- Episode no.: Season 2 Episode 16
- Directed by: James Whitmore, Jr.
- Written by: Mike Sussman; Phyllis Strong;
- Production code: 216
- Original air date: February 19, 2003

Guest appearances
- Vaughn Armstrong - Admiral Forrest; Cullen Douglas - Suliban Soldier;

Episode chronology
| ← Previous "Cease Fire" | Next → "Canamar" |
- Star Trek: Enterprise season 2

= Future Tense (Star Trek: Enterprise) =

"Future Tense" is the 42nd episode (production #216) of the television series Star Trek: Enterprise, the 16th of the second season. Set in the 22nd century of the Star Trek universe, a spaceship and its crew deal with aliens as they explore space.

The NX-01 Enterprise finds a derelict ship, apparently from the future, and is attacked by Suliban, and later Tholian, ships seeking its possession.

This episode aired on UPN on February 19, 2003. It was written by Mike Sussman and Phyllis Strong, and directed by James Whitmore, Jr. Vaughn Armstrong guest stars as Admiral Forrest, and the episode has additional music done by composer Dennis McCarthy.

== Plot ==
The discovery of a derelict pod with a long-dead human pilot opens up a mystery. Some of the crew speculate he is the first human to invent warp drive technology, Zefram Cochrane, but DNA profiling reveal the remains are not his. Commander Tucker and Lieutenant Reed examine the mysterious pod and discover, via a floor panel, that it is larger on the inside than the outside. They also recover a device from the core which still has a weak energy signature. Shortly afterwards, a Suliban ship arrives and claims salvage rights, but Captain Archer refuses to yield it without explanation. They open fire, and beam in a boarding party, but are finally repelled.
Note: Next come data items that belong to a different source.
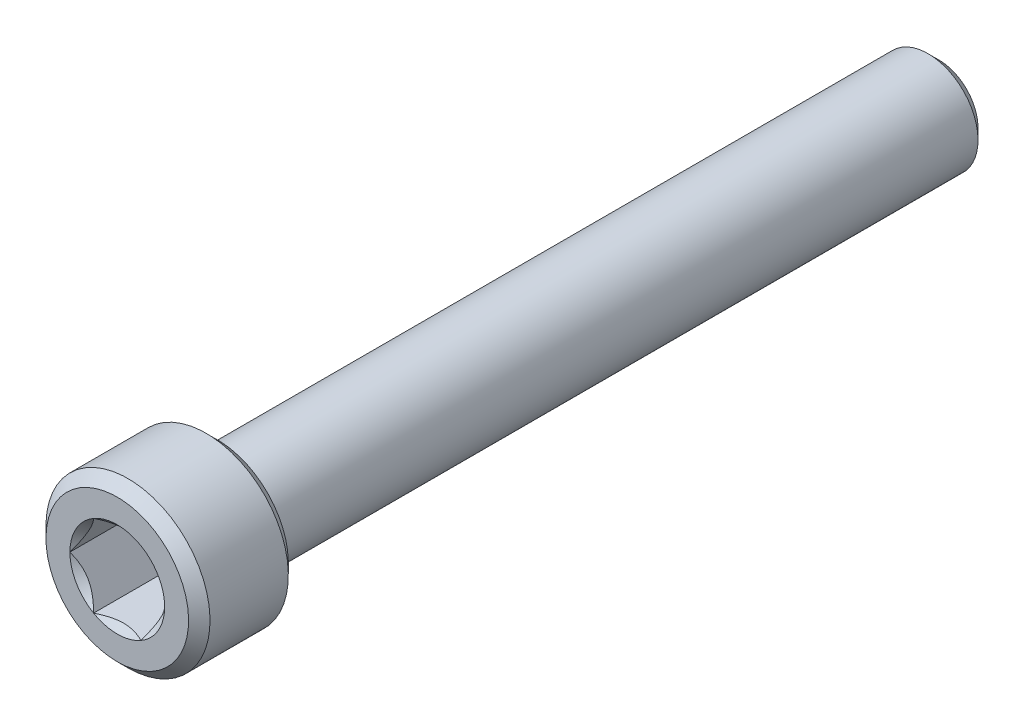
ISO-10303-21;
HEADER;
FILE_DESCRIPTION(('STEP AP214'),'2;1');
FILE_NAME('part.step','',(''),(''),'','','');
FILE_SCHEMA(('AUTOMOTIVE_DESIGN { 1 0 10303 214 1 1 1 1 }'));
ENDSEC;
DATA;
#1=APPLICATION_CONTEXT('core data for automotive mechanical design processes');
#2=APPLICATION_PROTOCOL_DEFINITION('international standard','automotive_design',2000,#1);
#3=PRODUCT_CONTEXT('',#1,'mechanical');
#4=PRODUCT('Part','Part','',(#3));
#5=PRODUCT_RELATED_PRODUCT_CATEGORY('part','',(#4));
#6=PRODUCT_DEFINITION_FORMATION('','',#4);
#7=PRODUCT_DEFINITION_CONTEXT('part definition',#1,'design');
#8=PRODUCT_DEFINITION('design','',#6,#7);
#9=PRODUCT_DEFINITION_SHAPE('','',#8);
#10=(LENGTH_UNIT() NAMED_UNIT(*) SI_UNIT(.MILLI.,.METRE.));
#11=(NAMED_UNIT(*) PLANE_ANGLE_UNIT() SI_UNIT($,.RADIAN.));
#12=(NAMED_UNIT(*) SI_UNIT($,.STERADIAN.) SOLID_ANGLE_UNIT());
#13=UNCERTAINTY_MEASURE_WITH_UNIT(LENGTH_MEASURE(1.E-05),#10,'distance_accuracy_value','');
#14=(GEOMETRIC_REPRESENTATION_CONTEXT(3) GLOBAL_UNCERTAINTY_ASSIGNED_CONTEXT((#13)) GLOBAL_UNIT_ASSIGNED_CONTEXT((#10,
#11,#12)) REPRESENTATION_CONTEXT('',''));
#15=CARTESIAN_POINT('',(0.,0.,0.));
#16=DIRECTION('',(0.,0.,1.));
#17=DIRECTION('',(1.,0.,0.));
#18=AXIS2_PLACEMENT_3D('',#15,#16,#17);
#19=CARTESIAN_POINT('',(0.,0.,14.6198166666666));
#20=DIRECTION('',(0.,0.,-1.));
#21=DIRECTION('',(0.,1.,0.));
#22=AXIS2_PLACEMENT_3D('',#19,#20,#21);
#23=CONICAL_SURFACE('',#22,3.96875,0.785398163397438);
#24=CARTESIAN_POINT('',(0.,0.,15.1384));
#25=DIRECTION('',(0.,0.,1.));
#26=DIRECTION('',(0.,-1.,0.));
#27=AXIS2_PLACEMENT_3D('',#24,#25,#26);
#28=CIRCLE('',#27,3.45016666666663);
#29=CARTESIAN_POINT('',(0.,-3.45016666666663,15.1384));
#30=VERTEX_POINT('',#29);
#31=EDGE_CURVE('E55',#30,#30,#28,.T.);
#32=ORIENTED_EDGE('',*,*,#31,.F.);
#33=EDGE_LOOP('',(#32));
#34=FACE_BOUND('',#33,.T.);
#35=CARTESIAN_POINT('',(0.,0.,14.6198166666666));
#36=DIRECTION('',(0.,0.,1.));
#37=DIRECTION('',(0.,-1.,0.));
#38=AXIS2_PLACEMENT_3D('',#35,#36,#37);
#39=CIRCLE('',#38,3.96875);
#40=CARTESIAN_POINT('',(0.,-3.96875,14.6198166666666));
#41=VERTEX_POINT('',#40);
#42=EDGE_CURVE('E154',#41,#41,#39,.T.);
#43=ORIENTED_EDGE('',*,*,#42,.T.);
#44=EDGE_LOOP('',(#43));
#45=FACE_BOUND('',#44,.T.);
#46=ADVANCED_FACE('F41',(#34,#45),#23,.T.);
#47=CARTESIAN_POINT('',(0.,3.45016666666663,15.1384));
#48=DIRECTION('',(0.,0.,-1.));
#49=DIRECTION('',(0.,1.,0.));
#50=AXIS2_PLACEMENT_3D('',#47,#48,#49);
#51=PLANE('',#50);
#52=CARTESIAN_POINT('',(0.,0.,15.1384));
#53=DIRECTION('',(0.,0.,1.));
#54=DIRECTION('',(1.,0.,0.));
#55=AXIS2_PLACEMENT_3D('',#52,#53,#54);
#56=CIRCLE('',#55,2.29135888084633);
#57=CARTESIAN_POINT('',(1.14567944042316,1.984375,15.1384));
#58=VERTEX_POINT('',#57);
#59=CARTESIAN_POINT('',(-1.14567944042316,1.984375,15.1384));
#60=VERTEX_POINT('',#59);
#61=EDGE_CURVE('E319',#58,#60,#56,.T.);
#62=ORIENTED_EDGE('',*,*,#61,.F.);
#63=CARTESIAN_POINT('',(2.29135888084633,0.,15.1384));
#64=VERTEX_POINT('',#63);
#65=EDGE_CURVE('E264',#64,#58,#56,.T.);
#66=ORIENTED_EDGE('',*,*,#65,.F.);
#67=CARTESIAN_POINT('',(1.14567944042316,-1.984375,15.1384));
#68=VERTEX_POINT('',#67);
#69=EDGE_CURVE('E61',#68,#64,#56,.T.);
#70=ORIENTED_EDGE('',*,*,#69,.F.);
#71=CARTESIAN_POINT('',(-1.14567944042317,-1.984375,15.1384));
#72=VERTEX_POINT('',#71);
#73=EDGE_CURVE('E68',#72,#68,#56,.T.);
#74=ORIENTED_EDGE('',*,*,#73,.F.);
#75=CARTESIAN_POINT('',(-2.29135888084633,0.,15.1384));
#76=VERTEX_POINT('',#75);
#77=EDGE_CURVE('E311',#76,#72,#56,.T.);
#78=ORIENTED_EDGE('',*,*,#77,.F.);
#79=EDGE_CURVE('E316',#60,#76,#56,.T.);
#80=ORIENTED_EDGE('',*,*,#79,.F.);
#81=EDGE_LOOP('',(#62,#66,#70,#74,#78,#80));
#82=FACE_BOUND('',#81,.T.);
#83=ORIENTED_EDGE('',*,*,#31,.T.);
#84=EDGE_LOOP('',(#83));
#85=FACE_BOUND('',#84,.T.);
#86=ADVANCED_FACE('F195',(#82,#85),#51,.F.);
#87=CARTESIAN_POINT('',(0.,0.,-24.6126));
#88=DIRECTION('',(0.,0.,1.));
#89=DIRECTION('',(0.,-1.,0.));
#90=AXIS2_PLACEMENT_3D('',#87,#88,#89);
#91=PLANE('',#90);
#92=CARTESIAN_POINT('',(0.,0.,-24.6126));
#93=DIRECTION('',(0.,0.,1.));
#94=DIRECTION('',(0.,-1.,0.));
#95=AXIS2_PLACEMENT_3D('',#92,#93,#94);
#96=CIRCLE('',#95,1.89441666666655);
#97=CARTESIAN_POINT('',(0.,-1.89441666666655,-24.6126));
#98=VERTEX_POINT('',#97);
#99=EDGE_CURVE('E188',#98,#98,#96,.T.);
#100=ORIENTED_EDGE('',*,*,#99,.F.);
#101=EDGE_LOOP('',(#100));
#102=FACE_BOUND('',#101,.T.);
#103=ADVANCED_FACE('F229',(#102),#91,.F.);
#104=CARTESIAN_POINT('',(0.,0.,-24.6126));
#105=DIRECTION('',(0.,0.,1.));
#106=DIRECTION('',(0.,-1.,0.));
#107=AXIS2_PLACEMENT_3D('',#104,#105,#106);
#108=CONICAL_SURFACE('',#107,1.89441666666655,0.785398163397442);
#109=CARTESIAN_POINT('',(0.,0.,-24.0940166666666));
#110=DIRECTION('',(0.,0.,1.));
#111=DIRECTION('',(0.,-1.,0.));
#112=AXIS2_PLACEMENT_3D('',#109,#110,#111);
#113=CIRCLE('',#112,2.41299999999991);
#114=CARTESIAN_POINT('',(0.,-2.41299999999991,-24.0940166666666));
#115=VERTEX_POINT('',#114);
#116=EDGE_CURVE('E184',#115,#115,#113,.T.);
#117=ORIENTED_EDGE('',*,*,#116,.F.);
#118=EDGE_LOOP('',(#117));
#119=FACE_BOUND('',#118,.T.);
#120=ORIENTED_EDGE('',*,*,#99,.T.);
#121=EDGE_LOOP('',(#120));
#122=FACE_BOUND('',#121,.T.);
#123=ADVANCED_FACE('F223',(#119,#122),#108,.T.);
#124=CARTESIAN_POINT('',(0.,0.,10.3124));
#125=DIRECTION('',(0.,0.,1.));
#126=DIRECTION('',(0.,-1.,0.));
#127=AXIS2_PLACEMENT_3D('',#124,#125,#126);
#128=CYLINDRICAL_SURFACE('',#127,2.4129999999999);
#129=CARTESIAN_POINT('',(0.,0.,10.3124));
#130=DIRECTION('',(0.,0.,1.));
#131=DIRECTION('',(0.,-1.,0.));
#132=AXIS2_PLACEMENT_3D('',#129,#130,#131);
#133=CIRCLE('',#132,2.4129999999999);
#134=CARTESIAN_POINT('',(0.,-2.4129999999999,10.3124));
#135=VERTEX_POINT('',#134);
#136=EDGE_CURVE('E180',#135,#135,#133,.T.);
#137=ORIENTED_EDGE('',*,*,#136,.F.);
#138=EDGE_LOOP('',(#137));
#139=FACE_BOUND('',#138,.T.);
#140=ORIENTED_EDGE('',*,*,#116,.T.);
#141=EDGE_LOOP('',(#140));
#142=FACE_BOUND('',#141,.T.);
#143=ADVANCED_FACE('F217',(#139,#142),#128,.T.);
#144=CARTESIAN_POINT('',(0.,3.45016666666667,10.3124));
#145=DIRECTION('',(0.,0.,1.));
#146=DIRECTION('',(0.,-1.,0.));
#147=AXIS2_PLACEMENT_3D('',#144,#145,#146);
#148=PLANE('',#147);
#149=CARTESIAN_POINT('',(0.,0.,10.3124));
#150=DIRECTION('',(0.,0.,1.));
#151=DIRECTION('',(0.,-1.,0.));
#152=AXIS2_PLACEMENT_3D('',#149,#150,#151);
#153=CIRCLE('',#152,3.45016666666667);
#154=CARTESIAN_POINT('',(0.,-3.45016666666667,10.3124));
#155=VERTEX_POINT('',#154);
#156=EDGE_CURVE('E176',#155,#155,#153,.T.);
#157=ORIENTED_EDGE('',*,*,#156,.F.);
#158=EDGE_LOOP('',(#157));
#159=FACE_BOUND('',#158,.T.);
#160=ORIENTED_EDGE('',*,*,#136,.T.);
#161=EDGE_LOOP('',(#160));
#162=FACE_BOUND('',#161,.T.);
#163=ADVANCED_FACE('F211',(#159,#162),#148,.F.);
#164=CARTESIAN_POINT('',(0.,0.,10.3124));
#165=DIRECTION('',(0.,0.,1.));
#166=DIRECTION('',(0.,-1.,0.));
#167=AXIS2_PLACEMENT_3D('',#164,#165,#166);
#168=CONICAL_SURFACE('',#167,3.45016666666667,0.785398163397409);
#169=CARTESIAN_POINT('',(0.,0.,10.8309833333334));
#170=DIRECTION('',(0.,0.,1.));
#171=DIRECTION('',(0.,-1.,0.));
#172=AXIS2_PLACEMENT_3D('',#169,#170,#171);
#173=CIRCLE('',#172,3.96875);
#174=CARTESIAN_POINT('',(0.,-3.96875,10.8309833333334));
#175=VERTEX_POINT('',#174);
#176=EDGE_CURVE('E172',#175,#175,#173,.T.);
#177=ORIENTED_EDGE('',*,*,#176,.F.);
#178=EDGE_LOOP('',(#177));
#179=FACE_BOUND('',#178,.T.);
#180=ORIENTED_EDGE('',*,*,#156,.T.);
#181=EDGE_LOOP('',(#180));
#182=FACE_BOUND('',#181,.T.);
#183=ADVANCED_FACE('F205',(#179,#182),#168,.T.);
#184=CARTESIAN_POINT('',(0.,0.,10.3124));
#185=DIRECTION('',(0.,0.,1.));
#186=DIRECTION('',(0.,-1.,0.));
#187=AXIS2_PLACEMENT_3D('',#184,#185,#186);
#188=CYLINDRICAL_SURFACE('',#187,3.96875);
#189=ORIENTED_EDGE('',*,*,#42,.F.);
#190=EDGE_LOOP('',(#189));
#191=FACE_BOUND('',#190,.T.);
#192=ORIENTED_EDGE('',*,*,#176,.T.);
#193=EDGE_LOOP('',(#192));
#194=FACE_BOUND('',#193,.T.);
#195=ADVANCED_FACE('F201',(#191,#194),#188,.T.);
#196=CARTESIAN_POINT('',(0.,0.,15.1384));
#197=DIRECTION('',(0.,0.,1.));
#198=DIRECTION('',(1.,0.,0.));
#199=AXIS2_PLACEMENT_3D('',#196,#197,#198);
#200=CONICAL_SURFACE('',#199,2.29135888084633,0.78539816339745);
#201=ORIENTED_EDGE('',*,*,#61,.T.);
#202=CARTESIAN_POINT('',(-2.28495242157822,1.984375,15.8733840788166));
#203=CARTESIAN_POINT('',(-2.22931635455402,1.984375,15.8313866855508));
#204=CARTESIAN_POINT('',(-2.17336876548389,1.984375,15.7897960540763));
#205=CARTESIAN_POINT('',(-2.06072770258171,1.984375,15.7076084614715));
#206=CARTESIAN_POINT('',(-2.00403404503435,1.984375,15.667011752405));
#207=CARTESIAN_POINT('',(-1.88936329173488,1.984375,15.5867035031747));
#208=CARTESIAN_POINT('',(-1.83137965519348,1.984375,15.5470012588133));
#209=CARTESIAN_POINT('',(-1.7144280213784,1.984375,15.4690851734013));
#210=CARTESIAN_POINT('',(-1.65546009407227,1.984375,15.4308712271944));
#211=CARTESIAN_POINT('',(-1.47005472306035,1.984375,15.3146528340136));
#212=CARTESIAN_POINT('',(-1.34163909427883,1.984375,15.2397478868724));
#213=CARTESIAN_POINT('',(-1.0784038470548,1.984375,15.1027302154397));
#214=CARTESIAN_POINT('',(-0.943607781407425,1.984375,15.0405743664824));
#215=CARTESIAN_POINT('',(-0.741275100444882,1.984375,14.9645325786886));
#216=CARTESIAN_POINT('',(-0.676735408881095,1.984375,14.942708061326));
#217=CARTESIAN_POINT('',(-0.546098118112762,1.984375,14.9042404635378));
#218=CARTESIAN_POINT('',(-0.480000411919956,1.984375,14.8875977400655));
#219=CARTESIAN_POINT('',(-0.347746170028532,1.984375,14.8606353808697));
#220=CARTESIAN_POINT('',(-0.281612071479123,1.984375,14.8502074097359));
#221=CARTESIAN_POINT('',(-0.148636620052351,1.984375,14.8358781473766));
#222=CARTESIAN_POINT('',(-0.0817953907393243,1.984375,14.8319757342274));
#223=CARTESIAN_POINT('',(0.0495156750890641,1.984375,14.8309870513327));
#224=CARTESIAN_POINT('',(0.113983775102991,1.984375,14.833659178875));
#225=CARTESIAN_POINT('',(0.242367515846177,1.984375,14.8451392104975));
#226=CARTESIAN_POINT('',(0.306283102295919,1.984375,14.8539477106392));
#227=CARTESIAN_POINT('',(0.434181040262184,1.984375,14.8773690213329));
#228=CARTESIAN_POINT('',(0.498145026858309,1.984375,14.8920806062321));
#229=CARTESIAN_POINT('',(0.624675616953007,1.984375,14.9265261814121));
#230=CARTESIAN_POINT('',(0.687242336899688,1.984375,14.9462597514492));
#231=CARTESIAN_POINT('',(0.884225483826088,1.984375,15.0158122372308));
#232=CARTESIAN_POINT('',(1.01583674256468,1.984375,15.0735524112565));
#233=CARTESIAN_POINT('',(1.27288659242652,1.984375,15.2019303365888));
#234=CARTESIAN_POINT('',(1.3983008827048,1.984375,15.2726144249194));
#235=CARTESIAN_POINT('',(1.57956687990221,1.984375,15.3829166638132));
#236=CARTESIAN_POINT('',(1.63738271299424,1.984375,15.4193698294754));
#237=CARTESIAN_POINT('',(1.75202215386202,1.984375,15.4938159632917));
#238=CARTESIAN_POINT('',(1.80884568601362,1.984375,15.5318090480781));
#239=CARTESIAN_POINT('',(1.92116923084255,1.984375,15.6087388088931));
#240=CARTESIAN_POINT('',(1.97667624512253,1.984375,15.6476653130388));
#241=CARTESIAN_POINT('',(2.08693170717166,1.984375,15.7265477461214));
#242=CARTESIAN_POINT('',(2.14168035934793,1.984375,15.766503389024));
#243=CARTESIAN_POINT('',(2.19611149046622,1.984375,15.8068806112854));
#244=B_SPLINE_CURVE_WITH_KNOTS('',3,(#202,#203,#204,#205,#206,#207,#208,#209,#210,#211,#212,
#213,#214,#215,#216,#217,#218,#219,#220,#221,#222,#223,#224,#225,#226,#227,#228,#229,#230,#231,
#232,#233,#234,#235,#236,#237,#238,#239,#240,#241,#242,#243),.UNSPECIFIED.,.F.,.F.,(4,2,2,2,2,2,
2,2,2,2,2,2,2,2,2,2,2,2,2,2,4),(0.,0.209126070008323,0.418304637356568,0.629103979977991,
0.839888401371184,1.28549951116127,1.72957750768351,1.93379389749971,2.13802435186698,
2.33858179514333,2.53910475350639,2.73236963400794,2.92565329006886,3.12231577097487,
3.31896180041345,3.74886295245172,4.18033428125362,4.3853601718029,4.59040161996382,
4.79377749165107,4.99709743524131),.UNSPECIFIED.);
#245=EDGE_CURVE('E11',#58,#60,#244,.F.);
#246=ORIENTED_EDGE('',*,*,#245,.F.);
#247=EDGE_LOOP('',(#201,#246));
#248=FACE_BOUND('',#247,.T.);
#249=ADVANCED_FACE('F204',(#248),#200,.F.);
#250=ORIENTED_EDGE('',*,*,#79,.T.);
#251=CARTESIAN_POINT('',(-1.14556397036933,1.984575,15.1385154787818));
#252=CARTESIAN_POINT('',(-1.18494849354192,1.9163590048332,15.0991628522639));
#253=CARTESIAN_POINT('',(-1.22499159714897,1.84700231489304,15.0621213104462));
#254=CARTESIAN_POINT('',(-1.30664400291398,1.70557619954781,14.9942988584233));
#255=CARTESIAN_POINT('',(-1.34826107209555,1.63349332126322,14.9635556890918));
#256=CARTESIAN_POINT('',(-1.43217992591557,1.488141602734,14.9108918888112));
#257=CARTESIAN_POINT('',(-1.47446033414662,1.41490978751306,14.88883887588));
#258=CARTESIAN_POINT('',(-1.55995203534886,1.2668338174053,14.8548614929439));
#259=CARTESIAN_POINT('',(-1.60316071596705,1.19199418724658,14.8429117560917));
#260=CARTESIAN_POINT('',(-1.6776271237807,1.06301458545619,14.8321300990819));
#261=CARTESIAN_POINT('',(-1.7087886237741,1.00904128422756,14.8305338990591));
#262=CARTESIAN_POINT('',(-1.77106070163465,0.901182881480202,14.8332218388653));
#263=CARTESIAN_POINT('',(-1.80217125782056,0.847297817514479,14.8375080403405));
#264=CARTESIAN_POINT('',(-1.86409863044402,0.740036461751399,14.8517168730135));
#265=CARTESIAN_POINT('',(-1.89491507894443,0.686660807239862,14.8616458104523));
#266=CARTESIAN_POINT('',(-1.95601509066827,0.580832482591106,14.8865950842745));
#267=CARTESIAN_POINT('',(-1.9862986945516,0.528379742028901,14.9016150303895));
#268=CARTESIAN_POINT('',(-2.06387267818152,0.394017661036354,14.9462078516357));
#269=CARTESIAN_POINT('',(-2.11068193911104,0.312941642841678,14.9791429959383));
#270=CARTESIAN_POINT('',(-2.17951072233758,0.193726693270161,15.0347424412022));
#271=CARTESIAN_POINT('',(-2.20219286161692,0.154440075613999,15.0542775920519));
#272=CARTESIAN_POINT('',(-2.24713694590237,0.0765946381319467,15.0951287381194));
#273=CARTESIAN_POINT('',(-2.26939913882716,0.0380353888983009,15.1164436395683));
#274=CARTESIAN_POINT('',(-2.29147435090017,-0.000200000000000228,15.1385154787818));
#275=B_SPLINE_CURVE_WITH_KNOTS('',3,(#251,#252,#253,#254,#255,#256,#257,#258,#259,#260,#261,
#262,#263,#264,#265,#266,#267,#268,#269,#270,#271,#272,#273,#274),.UNSPECIFIED.,.F.,.F.,(4,2,2,
2,2,2,2,2,2,2,2,4),(0.,0.264339630306625,0.530219665093692,0.791876416371458,1.05287424418109,
1.239639843932,1.42647091743852,1.61351120244034,1.8005371524754,2.09764209964316,
2.24579179873714,2.39385111134157),.UNSPECIFIED.);
#276=EDGE_CURVE('E254',#60,#76,#275,.T.);
#277=ORIENTED_EDGE('',*,*,#276,.F.);
#278=EDGE_LOOP('',(#250,#277));
#279=FACE_BOUND('',#278,.T.);
#280=ADVANCED_FACE('F326',(#279),#200,.F.);
#281=ORIENTED_EDGE('',*,*,#77,.T.);
#282=CARTESIAN_POINT('',(-2.29147435090017,0.000200000000000176,15.1385154787818));
#283=CARTESIAN_POINT('',(-2.25208982772758,-0.0680159951668019,15.0991628522639));
#284=CARTESIAN_POINT('',(-2.21204672412052,-0.137372685106965,15.0621213104462));
#285=CARTESIAN_POINT('',(-2.13039431835551,-0.278798800452187,14.9942988584233));
#286=CARTESIAN_POINT('',(-2.08877724917394,-0.350881678736782,14.9635556890918));
#287=CARTESIAN_POINT('',(-2.00485839535392,-0.496233397266004,14.9108918888112));
#288=CARTESIAN_POINT('',(-1.96257798712287,-0.569465212486938,14.88883887588));
#289=CARTESIAN_POINT('',(-1.87708628592063,-0.717541182594706,14.8548614929439));
#290=CARTESIAN_POINT('',(-1.83387760530244,-0.792380812753424,14.8429117560917));
#291=CARTESIAN_POINT('',(-1.75941119748879,-0.921360414543815,14.8321300990819));
#292=CARTESIAN_POINT('',(-1.72824969749539,-0.975333715772442,14.8305338990591));
#293=CARTESIAN_POINT('',(-1.66597761963484,-1.0831921185198,14.8332218388653));
#294=CARTESIAN_POINT('',(-1.63486706344893,-1.13707718248552,14.8375080403405));
#295=CARTESIAN_POINT('',(-1.57293969082547,-1.2443385382486,14.8517168730135));
#296=CARTESIAN_POINT('',(-1.54212324232506,-1.29771419276014,14.8616458104523));
#297=CARTESIAN_POINT('',(-1.48102323060122,-1.4035425174089,14.8865950842745));
#298=CARTESIAN_POINT('',(-1.4507396267179,-1.4559952579711,14.9016150303895));
#299=CARTESIAN_POINT('',(-1.37316564308797,-1.59035733896365,14.9462078516357));
#300=CARTESIAN_POINT('',(-1.32635638215845,-1.67143335715832,14.9791429959383));
#301=CARTESIAN_POINT('',(-1.25752759893191,-1.79064830672984,15.0347424412022));
#302=CARTESIAN_POINT('',(-1.23484545965257,-1.829934924386,15.0542775920519));
#303=CARTESIAN_POINT('',(-1.18990137536713,-1.90778036186805,15.0951287381194));
#304=CARTESIAN_POINT('',(-1.16763918244233,-1.9463396111017,15.1164436395683));
#305=CARTESIAN_POINT('',(-1.14556397036933,-1.984575,15.1385154787818));
#306=B_SPLINE_CURVE_WITH_KNOTS('',3,(#282,#283,#284,#285,#286,#287,#288,#289,#290,#291,#292,
#293,#294,#295,#296,#297,#298,#299,#300,#301,#302,#303,#304,#305),.UNSPECIFIED.,.F.,.F.,(4,2,2,
2,2,2,2,2,2,2,2,4),(0.,0.264339630306626,0.530219665093694,0.79187641637146,1.05287424418109,
1.239639843932,1.42647091743852,1.61351120244035,1.8005371524754,2.09764209964316,
2.24579179873714,2.39385111134157),.UNSPECIFIED.);
#307=EDGE_CURVE('E263',#76,#72,#306,.T.);
#308=ORIENTED_EDGE('',*,*,#307,.F.);
#309=EDGE_LOOP('',(#281,#308));
#310=FACE_BOUND('',#309,.T.);
#311=ADVANCED_FACE('F328',(#310),#200,.F.);
#312=ORIENTED_EDGE('',*,*,#73,.T.);
#313=CARTESIAN_POINT('',(-2.28495242191068,-1.984375,15.8733840790676));
#314=CARTESIAN_POINT('',(-2.22931635487714,-1.984375,15.8313866857921));
#315=CARTESIAN_POINT('',(-2.17336876579766,-1.984375,15.789796054308));
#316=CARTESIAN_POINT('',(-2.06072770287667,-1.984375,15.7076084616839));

Undaunted, Enterprise then sets course to rendezvous with Tal'Kir, a Vulcan ship. Doctor Phlox's scans reveal the dead pilot has multi-generational DNA fragments from several alien species including Vulcan, Terrelian, and Rigelian. Seeking answers, Archer and Sub-Commander T'Pol enter time-traveler Agent Daniels' cabin, and they learn from his encyclopedic database that the pod is from the 31st century. Meanwhile, Tucker and Reed, on returning to the pod, get stuck in a recurring time-loop. This heightens T'Pol's concerns and she discusses the situation with Archer, who feels they must have more information on the Temporal Cold War.

Tholians arrive, demanding the pod and warning Enterprise of temporal radiation. Again, Archer refuses, and they leave after he threatens to destroy it. The crew, reaching the rendezvous destination, discover that the Tholians have disabled the Tal'Kir, and soon disable Enterprise as well. The Suliban arrive and a battle ensues between them and the Tholians. The Tholians succeed in destroying the Suliban ships. After working through another time-loop, Archer and Reed booby-trap the pod and send it out into space, but the Tholians immediately disarm the device. Tucker then gets the temporal distress beacon to power up, and soon the future ship and its contents dematerialize. The Tholians leave, and Enterprise assists the Vulcan ship, as Archer's way of thanking the Vulcan High Command for their support and help.

== Production ==
The episode was originally titled "Crash Landing" before it was changed to "Future Tense".

Director James Whitmore, Jr. previously directed the episode "Acquisition"

The episode mostly used existing sets. A new set was built for the remains of the salvaged vessel, and a wall for the Suliban ship shown on the viewscreen.

== Reception ==

"Future Tense" was first broadcast February 19, 2003, on UPN.
It had a Nielsen ratings share of 	2.9/4. It had a total average audience of 	 4.62 million viewers.

Higgy Pop noted this episode as one of the time travel stories of the Star Trek franchise. The review also compares the spacecraft they discover to the TARDIS of the Doctor Who television show, noting, "The pod and the Doctor's TARDIS are both bigger on the inside than the outside, and able to travel across time."

Jammer's Reviews described the episode as "hardly informative or conclusive" but "pretty fun." Jamahl Epsicokhan said that the plot didn't "supply much that's tangible" to the temporal cold war story arc. He saw it more as "a means to an end — the means being the story-line and the end being sci-fi action" concluding that the "ideal situation" would have the "particular elements of means and end reversed."

The Digital Fix said that "Future Tense" was "one of the highlights of the season" and noted how it connected to the temporal war story arc, begun earlier in the series.

In his 2022 rewatch, Keith DeCandido of Tor.com gave it 3 out of 10.

== Releases ==
The first home media release of "Future Tense" was as part of the season two DVD box set, released in the United States on July 26, 2005. A release on Blu-ray Disc for season two occurred on August 20, 2013.